Fixed width designs wider than 1200pixels. Very uneconomic gradients.

For someone who calls herself/himself a web designer these problems should be
non-existent. If you don't know the medium for which you design and its
limitations, you are making a flyer in Photoshop, not a webdesign.

Beautiful functional web design follows from real content and interacting with
the page like a user. A web designer who doesn't venture beyond Photoshop will
likely produce very one-dimensional designs.

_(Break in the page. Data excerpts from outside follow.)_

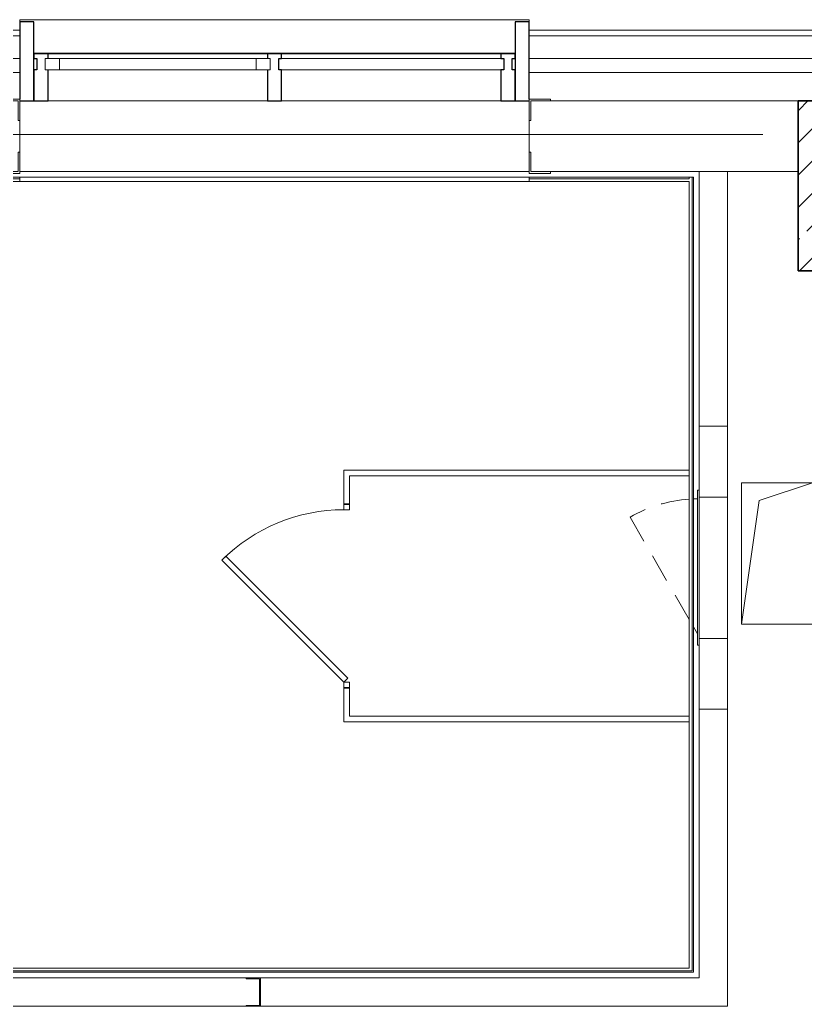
# Model space of a CAD drawing. Header units: millimetres. Extents: x 5993 to 95364, y 94667 to 143522.
# Drawn here: x 45039.1 to 45264.9, y 120812 to 121095.8 of the extents above; entities that cross this region are included whole.
import ezdxf

# ---------------------------------------------------------------- set-up
doc = ezdxf.new("R2010")
doc.units = ezdxf.units.MM
for name, pattern in [('200_ШТРИХ_ш1п0_6_', [160, 100, -60]), ('50_200_ШТРИХ_1Т_ш5_п1_п1_', [1400, 1000, -200, 0, -200]), ('Штрих короткий', [300, 150, -150])]:
    doc.linetypes.add(name, pattern=pattern)
for name, color, linetype, lineweight in [('0-2', 7, 'Continuous', 9), ('S-GRID-____-OTLN-1', 7, '50_200_ШТРИХ_1Т_ш5_п1_п1_', 9), ('Импосты витража', 7, 'Continuous', 9), ('Импосты витража-1', 7, 'Continuous', 25), ('Каркас_Импост', 7, 'Continuous', 13), ('Каркас_Импост-1', 7, 'Continuous', 9), ('Несущие колонны', 7, 'Continuous', 9), ('Несущие колонны-1', 7, 'Continuous', 35), ('Обобщенные модели', 7, 'Continuous', 9), ('Общие ребра', 7, 'Continuous', 9), ('Окна', 7, 'Continuous', 9), ('Остекление-1', 7, 'Continuous', 9), ('Открывание в плане-2', 7, '200_ШТРИХ_ш1п0_6_', 9), ('Открывание-1', 7, 'Continuous', 9), ('Панель-1', 7, 'Continuous', 9), ('Перемычка-1', 7, 'Штрих короткий', 9), ('Перемычка_Пунктирные линии-1', 7, '200_ШТРИХ_ш1п0_6_', 9), ('Проем', 7, 'Continuous', 35), ('Стены', 7, 'Continuous', 9), ('Стены-1', 7, 'Continuous', 13)]:
    doc.layers.add(name, color=color, linetype=linetype, lineweight=lineweight)

# ---------------------------------------------------------------- blocks, each defined once
blk = doc.blocks.new('BSC_Колонна _Прямоугольная - 600х600-V75-АИ2_01_План напольных покрытий и плинтусов 1го этажа _Часть 1_')
at = {"layer": 'Несущие колонны'}
h = blk.add_hatch(dxfattribs=at)
h.set_pattern_fill('FP_107', color=256, style=0, pattern_type=2)
h.set_pattern_definition([(45, (-44900, -87200), (-114.0492527375783, 114.0492527375783), []), (45, (-44785.95099999999, -87200), (-114.0492527375783, 114.0492527375783), [201.613, -40.323, 3.353, -36.97])])
h.paths.add_polyline_path([(-299.9999999999491, -299.9999999998972), (300.0000000000444, -299.9999999998885), (300.0000000000444, 300.0000000001029), (-299.9999999999578, 300.0000000001029)], flags=0)
at = {"layer": 'Несущие колонны-1'}
for p, q in [((300, 299.9999999999999), (-300.0000000000002, 299.9999999999999)), ((-300.0000000000001, 299.9999999999993), (-299.9999999999954, -299.9999999999999)), ((299.9999999999998, -299.999999999992), (299.9999999999998, 299.9999999999999)), ((-299.9999999999954, -299.9999999999999), (299.9999999999998, -299.999999999992))]:
    blk.add_line(p, q, dxfattribs=at)
blk = doc.blocks.new('PNS_Панель прямоугольная2 - Нр_Стекло - 40мм-26243474-АИ2_01_План напольных покрытий и плинтусов 1го этажа _Часть 1_')
at = {"layer": 'Каркас_Импост'}
for p, q in [((-397.500000000002, -2.258793152520866e-12), (-397.500000000002, 39.9999999999943)), ((-397.500000000002, 39.9999999999943), (-347.5000000000051, 39.9999999999943)), ((-347.5000000000051, 39.9999999999943), (-347.5000000000051, -2.258793152520866e-12)), ((397.500000000001, 39.9999999999943), (347.5000000000048, 39.9999999999943)), ((347.5000000000048, 39.9999999999943), (347.5000000000048, -2.258793152520866e-12)), ((397.500000000001, -2.258793152520866e-12), (397.500000000001, 39.9999999999943)), ((-347.5000000000051, -2.258793152520866e-12), (-397.500000000002, -2.258793152520866e-12)), ((347.5000000000048, -2.258793152520866e-12), (397.500000000001, -2.258793152520866e-12))]:
    blk.add_line(p, q, dxfattribs=at)
at = {"layer": 'Каркас_Импост-1'}
for p, q in [((-347.5000000000051, 39.9999999999943), (347.5000000000048, 39.9999999999943)), ((-347.5000000000051, -2.258793152520866e-12), (347.5000000000048, -2.258793152520866e-12))]:
    blk.add_line(p, q, dxfattribs=at)
blk = doc.blocks.new('Прямоугольный импост - Импост структурный с накладкой - 150мм-25647633-АИ2_01_План напольных покрытий и плинтусов 1го этажа _Часть 1_')
at = {"layer": 'Импосты витража-1'}
for p, q in [((-25.00000000000298, 0), (-25.00000000000298, 16.99999999999613)), ((-25.00000000000298, 16.99999999999613), (25.00000000000298, 16.99999999999613)), ((-14.99999999999659, 0), (-25.00000000000298, 0)), ((-14.99999999999659, -40.00000000000824), (-14.99999999999659, 0)), ((25.00000000000298, 16.99999999999613), (25.00000000000298, 0)), ((-25.00000000000298, -150.0000000000005), (-25.00000000000298, -40.00000000000824)), ((-25.00000000000298, -40.00000000000824), (-14.99999999999659, -40.00000000000824)), ((25.00000000000298, -40.00000000000824), (25.00000000000298, -150.0000000000005)), ((25.00000000000298, -150.0000000000005), (-25.00000000000298, -150.0000000000005))]:
    blk.add_line(p, q, dxfattribs=at)
blk = doc.blocks.new('Прямоугольный импост - Импост структурный с накладкой - 150мм-25647642-АИ2_01_План напольных покрытий и плинтусов 1го этажа _Часть 1_')
at = {"layer": 'Импосты витража'}
for p, q in [((103600.000000001, 79474.99999999772), (103600.000000001, 80249.99999999772)), ((103767.000000001, 79474.99999999772), (103767.000000001, 80249.99999999772))]:
    blk.add_line(p, q, dxfattribs=at)
blk = doc.blocks.new('Прямоугольный импост - Импост структурный с накладкой - 150мм-V165-АИ2_01_План напольных покрытий и плинтусов 1го этажа _Часть 1_')
at = {"layer": 'Импосты витража-1'}
for p, q in [((-24.99999999999432, 0), (-24.99999999999432, 16.99999999999613)), ((-24.99999999999432, 16.99999999999613), (24.99999999999432, 16.99999999999613)), ((24.99999999999432, 0), (14.99999999999659, 0)), ((14.99999999999659, 0), (14.99999999999659, -40.00000000000824)), ((24.99999999999432, 16.99999999999613), (24.99999999999432, 0)), ((-24.99999999999432, -150.0000000000005), (-24.99999999999432, -40.00000000000824)), ((14.99999999999659, -40.00000000000824), (24.99999999999432, -40.00000000000824)), ((24.99999999999432, -40.00000000000824), (24.99999999999432, -150.0000000000005)), ((24.99999999999432, -150.0000000000005), (-24.99999999999432, -150.0000000000005))]:
    blk.add_line(p, q, dxfattribs=at)
blk = doc.blocks.new('PNS_Панель прямоугольная1 - Нр_Стекло - 40мм-25259299-АИ2_01_План напольных покрытий и плинтусов 1го этажа _Часть 1_')
at = {"layer": 'Остекление-1'}
for p, q in [((-387.4999999999969, 39.99999999999774), (387.4999999999974, 39.99999999999774)), ((-397.5000000000045, -2.263023102244688e-12), (397.5000000000034, -2.263023102244688e-12)), ((387.4999999999974, -2.263023102244688e-12), (-387.5000000000012, -2.263023102244688e-12))]:
    blk.add_line(p, q, dxfattribs=at)
blk = doc.blocks.new('Прямоугольный импост - Импост структурный с накладкой - 150мм-25647644-АИ2_01_План напольных покрытий и плинтусов 1го этажа _Часть 1_')
at = {"layer": 'Импосты витража-1'}
for p, q in [((-25.00000000000298, 0), (-25.00000000000298, 16.99999999999613)), ((-25.00000000000298, 16.99999999999613), (25.00000000000298, 16.99999999999613)), ((-14.99999999999659, 0), (-25.00000000000298, 0)), ((-14.99999999999659, -40.00000000000824), (-14.99999999999659, 0)), ((25.00000000000298, 0), (14.99999999999659, 0)), ((14.99999999999659, 0), (14.99999999999659, -40.00000000000824)), ((25.00000000000298, 16.99999999999613), (25.00000000000298, 0)), ((-25.00000000000298, -150.0000000000005), (-25.00000000000298, -40.00000000000824)), ((-25.00000000000298, -40.00000000000824), (-14.99999999999659, -40.00000000000824)), ((14.99999999999659, -40.00000000000824), (25.00000000000298, -40.00000000000824)), ((25.00000000000298, -40.00000000000824), (25.00000000000298, -150.0000000000005)), ((25.00000000000298, -150.0000000000005), (-25.00000000000298, -150.0000000000005))]:
    blk.add_line(p, q, dxfattribs=at)
blk = doc.blocks.new('Прямоугольный импост - Откос НВФ_50х280 мм-25993834-АИ2_01_План напольных покрытий и плинтусов 1го этажа _Часть 1_')
at = {"layer": 'Импосты витража-1'}
for p, q in [((-50.00000000000596, 130.0000000000051), (0, 130.0000000000051)), ((-50.00000000000596, -150.0000000000005), (-50.00000000000596, 130.0000000000051)), ((0, 130.0000000000051), (0, -144.0000000006389)), ((0, -150.0000000000005), (-50.00000000000596, -150.0000000000005))]:
    blk.add_line(p, q, dxfattribs=at)
blk = doc.blocks.new('Прямоугольный импост - Откос НВФ_50х280 мм-25993838-АИ2_01_План напольных покрытий и плинтусов 1го этажа _Часть 1_')
at = {"layer": 'Импосты витража-1'}
for p, q in [((0, 130.0000000000051), (-49.99999999999729, 130.0000000000051)), ((-49.99999999999729, 130.0000000000051), (-49.99999999999729, -150.0000000000005)), ((0, -144.0000000005542), (0, 130.0000000000051)), ((-49.99999999999729, -150.0000000000005), (0, -150.0000000000005))]:
    blk.add_line(p, q, dxfattribs=at)
blk = doc.blocks.new('Проем_Дверь_Прямоугольный - 1800х2700h_оконные проемы-28620215-АИ2_01_План напольных покрытий и плинтусов 1го этажа _Часть 1_')
at = {"layer": 'Перемычка-1'}
for p, q in [((899.9999999999917, 125.0000000009615), (-900.0000000000082, 125.0000000009615)), ((899.9999999999917, -125), (-900.0000000000082, -125))]:
    blk.add_line(p, q, dxfattribs=at)
blk = doc.blocks.new('DOR_ДУ_распашная__1Ст_Прямоугольная_ШЕР - Вн_650х2100h_Кабинки С_у-19996353-АИ2_01_План напольных покрытий и плинтусов 1го этажа _Часть 1_')
at = {"layer": 'Каркас_Импост'}
for p, q in [((-305.0000000000086, 10.00000000095872), (-325.0000000000085, 10.00000000095872)), ((-305.0000000000086, -9.999999999041306), (-305.0000000000086, 10.00000000095872)), ((304.999999999991, 10.00000000096534), (304.999999999991, -9.999999999041306)), ((324.9999999999916, 10.00000000096534), (304.999999999991, 10.00000000096534)), ((-325.0000000000085, -9.999999999041306), (-305.0000000000086, -9.999999999041306)), ((304.999999999991, -9.999999999041306), (324.9999999999916, -9.999999999041306))]:
    blk.add_line(p, q, dxfattribs=at)
at = {"layer": 'Открывание-1'}
blk.add_arc((-304.9999999999842, 10.00000000095806), 609.9999999999758, 359.9999999999996, 45.00000000000158, dxfattribs=at)
at = {"layer": 'Панель-1'}
for p, q in [((126.3351365237805, 441.3351365247464), (-305.0000000000111, 10.00000000094984)), ((-290.8578643762801, -4.142135622781105), (140.4772721475116, 427.1930009010154)), ((140.4772721475116, 427.1930009010154), (126.3351365237805, 441.3351365247462)), ((-305.0000000000111, 10.00000000094984), (-290.8578643762801, -4.142135622781105))]:
    blk.add_line(p, q, dxfattribs=at)
at = {"layer": 'Проем'}
for p, q in [((-325.0000000000085, 10.00000000095872), (-325.0000000000085, -9.999999999041306)), ((324.9999999999916, -9.999999999041306), (324.9999999999916, 10.00000000096534))]:
    blk.add_line(p, q, dxfattribs=at)
blk = doc.blocks.new('Фахверк_СКБ_Уголок - 250_3520-27500975-АИ2_01_План напольных покрытий и плинтусов 1го этажа _Часть 1_')
at = {"layer": 'Обобщенные модели'}
for p, q in [((199.9999999999932, 181.0000000000102), (124.9999999999923, 181.0000000000102)), ((124.9999999999923, 181.0000000000102), (124.9999999999923, 106.0000000000104)), ((130.9999999999934, 106.0000000000104), (130.9999999999934, 175.0000000000097)), ((130.9999999999934, 175.0000000000097), (199.9999999999932, 175.0000000000097)), ((199.9999999999932, 175.0000000000097), (199.9999999999932, 181.0000000000102)), ((124.9999999999923, 106.0000000000104), (130.9999999999934, 106.0000000000104)), ((130.9999999999925, -5.999999999986928), (124.9999999999923, -5.999999999986928)), ((124.9999999999923, -5.999999999986928), (124.9999999999923, -80.99999999998717)), ((130.9999999999925, -74.99999999998667), (130.9999999999925, -5.999999999986928)), ((124.9999999999923, -80.99999999998717), (199.9999999999924, -80.99999999998717)), ((199.9999999999924, -74.99999999998667), (130.9999999999925, -74.99999999998667)), ((199.9999999999924, -80.99999999998717), (199.9999999999924, -74.99999999998667))]:
    blk.add_line(p, q, dxfattribs=at)
blk = doc.blocks.new('154_Фахверк_СКБ_Швеллер - Тип_100_4830-28143655-АИ2_01_План напольных покрытий и плинтусов 1го этажа _Часть 1_')
at = {"layer": 'Обобщенные модели'}
for p, q in [((174.9999999999923, 50.00000000000986), (124.9999999999923, 50.00000000000986)), ((124.9999999999923, 50.00000000000986), (124.9999999999923, -49.99999999999013)), ((127.9999999999923, 47.00000000000985), (174.9999999999923, 47.00000000000985)), ((127.9999999999923, -46.99999999999012), (127.9999999999923, 47.00000000000985)), ((174.9999999999923, 47.00000000000985), (174.9999999999923, 50.00000000000986)), ((124.9999999999923, -49.99999999999013), (174.9999999999923, -49.99999999999013)), ((174.9999999999923, -46.99999999999012), (127.9999999999923, -46.99999999999012)), ((174.9999999999923, -49.99999999999013), (174.9999999999923, -46.99999999999012))]:
    blk.add_line(p, q, dxfattribs=at)
blk = doc.blocks.new('AR_Отверстие Ниша - Лючок-32401620-АИ2_01_План напольных покрытий и плинтусов 1го этажа _Часть 1_')
at = {"layer": 'Окна'}
for p, q in [((249.999999999992, 50.00000015199998), (-250.000000000008, 50.00000015199998)), ((-250.000000000008, 50.00000015199998), (-250.000000000008, -50.00000000000002)), ((249.999999999992, -50.00000000000002), (249.999999999992, 50.00000015199998)), ((-250.000000000008, -50.00000000000002), (249.999999999992, -50.00000000000002))]:
    blk.add_line(p, q, dxfattribs=at)
blk = doc.blocks.new('Л_Общий_Лючок - Лючок-V203-АИ2_01_План напольных покрытий и плинтусов 1го этажа _Часть 1_')
at = {"layer": 'Окна'}
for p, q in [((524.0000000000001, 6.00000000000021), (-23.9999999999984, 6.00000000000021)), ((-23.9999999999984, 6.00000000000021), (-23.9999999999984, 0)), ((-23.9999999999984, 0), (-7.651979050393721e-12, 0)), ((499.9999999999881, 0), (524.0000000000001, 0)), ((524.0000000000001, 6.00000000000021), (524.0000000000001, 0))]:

A front-end developer should know a lot about design. Not as a suggestion, but
as a given. To do a design justice, you have to translate it with care. I see
the need for overlap more for back-end developers and front-end developers.
Back-end needs to understand valid HTML and front-end needs to work with a
template engine and do data requests.

For web designers and front end engineers, a full overlap should be a given,
and it isn't that rare to find one who can do both. Now back-end vs. web
design is a chasm too wide to cross, realistically.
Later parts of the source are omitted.